I'm planning to call him back to say we'll do it, but I want to ask him about liability. I'm getting nervous about that lately.

I thought I might go a little early, so the children can brush and pet before harnessing up. That's the part Dapper Dan likes the best.






I might take Dusty, too, for the brushing and petting. He needs more experience with small people.


----------



## RhineStone (May 22, 2010)

I think you are right to be nervous about liability. Before I decided to stay home with my kid, I was a 4-H Agent. You wouldn't believe the forms that we had to have completed before an activity!



The University is really good at CYA ("cover your -ss"). Personally, I wouldn't do it unless you have a rider on your farm policy, and even then, I'm not sure that would cover you "entertaining" with cart rides. Maybe brushing and petting might be OK. You need to contact YOUR agent.

It's really too bad that it has come to this. But I also understand that liability might keep half-way intelligent people from doing something stupid.
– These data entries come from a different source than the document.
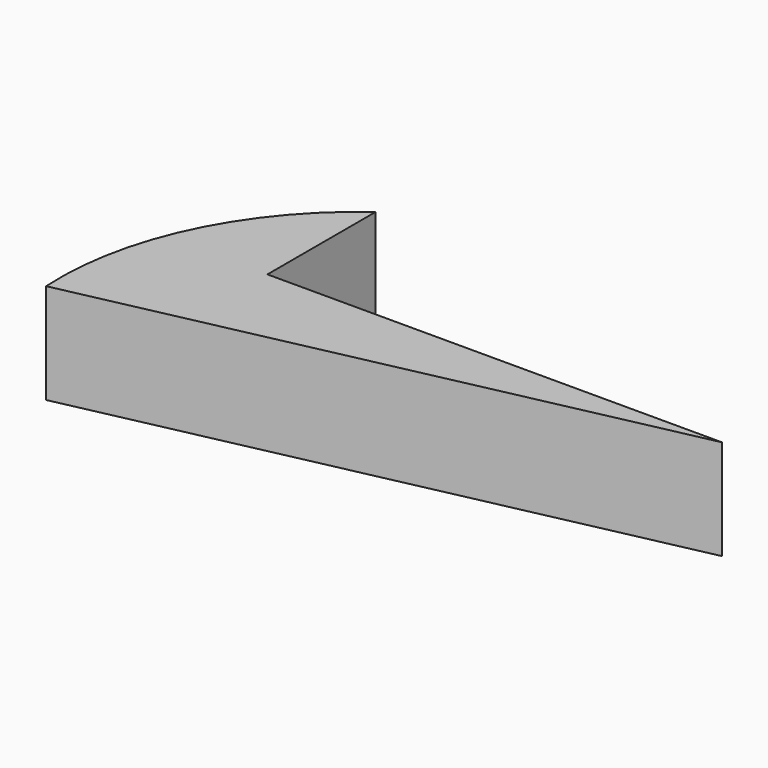
from build123d import *

# Parameters (mm, degrees)
F1_DEPTH = 25.4
F2_W     = 115.2222603559
F2_H     = 34.2616252165
F3_DEPTH = 25.4


# Not quite as in the source:
# - a feature of the source that left no trace in its solid (it failed there, or was rolled back) is left out


with BuildPart() as f1:
    # F0 (on Top) → F1 (new body)
    with BuildSketch(Plane.XY):
        with BuildLine():
            ThreePointArc((-115.2222603559, 34.4368517399), (-139.1213542265, 5.6159757036), (-146.2818682194, -31.1336722225))
            Line((-146.2818682194, -31.1336722225), (-115.2222603559, 34.4368517399))
        make_face()
        Polygon((-115.2222603559, 34.4368517399), (-146.2818682194, -31.1336722225), (0, 0.1752265234), align=None)
    extrude(amount=F1_DEPTH)

    # F2 (on face) → F3 (cut)
    with BuildSketch(Plane.XY.offset(25.4)):
        with Locations((-57.611130178, 17.3060391317)):
            Rectangle(F2_W, F2_H)
    extrude(amount=-F3_DEPTH, mode=Mode.SUBTRACT)


solid = f1.part

Myrna (who knew of a local trail ride outfit that lost their shirt when they tied a mentally-challenged kid on a horse, and the horse took off and killed the kid.)


----------



## CZP1 (May 22, 2010)

I would bring the horse and let them brush and pet him. I get that all the time, even when we are driving down the road people will stop and ask if I can give their kids a ride. NOT! They can pet the pretty pony. JMO


----------



## Marsha Cassada (May 22, 2010)

I've already tried jumping through the insurance hoop. NO homeowner policy covers equines. The cost of equine insurance is prohibitive for me.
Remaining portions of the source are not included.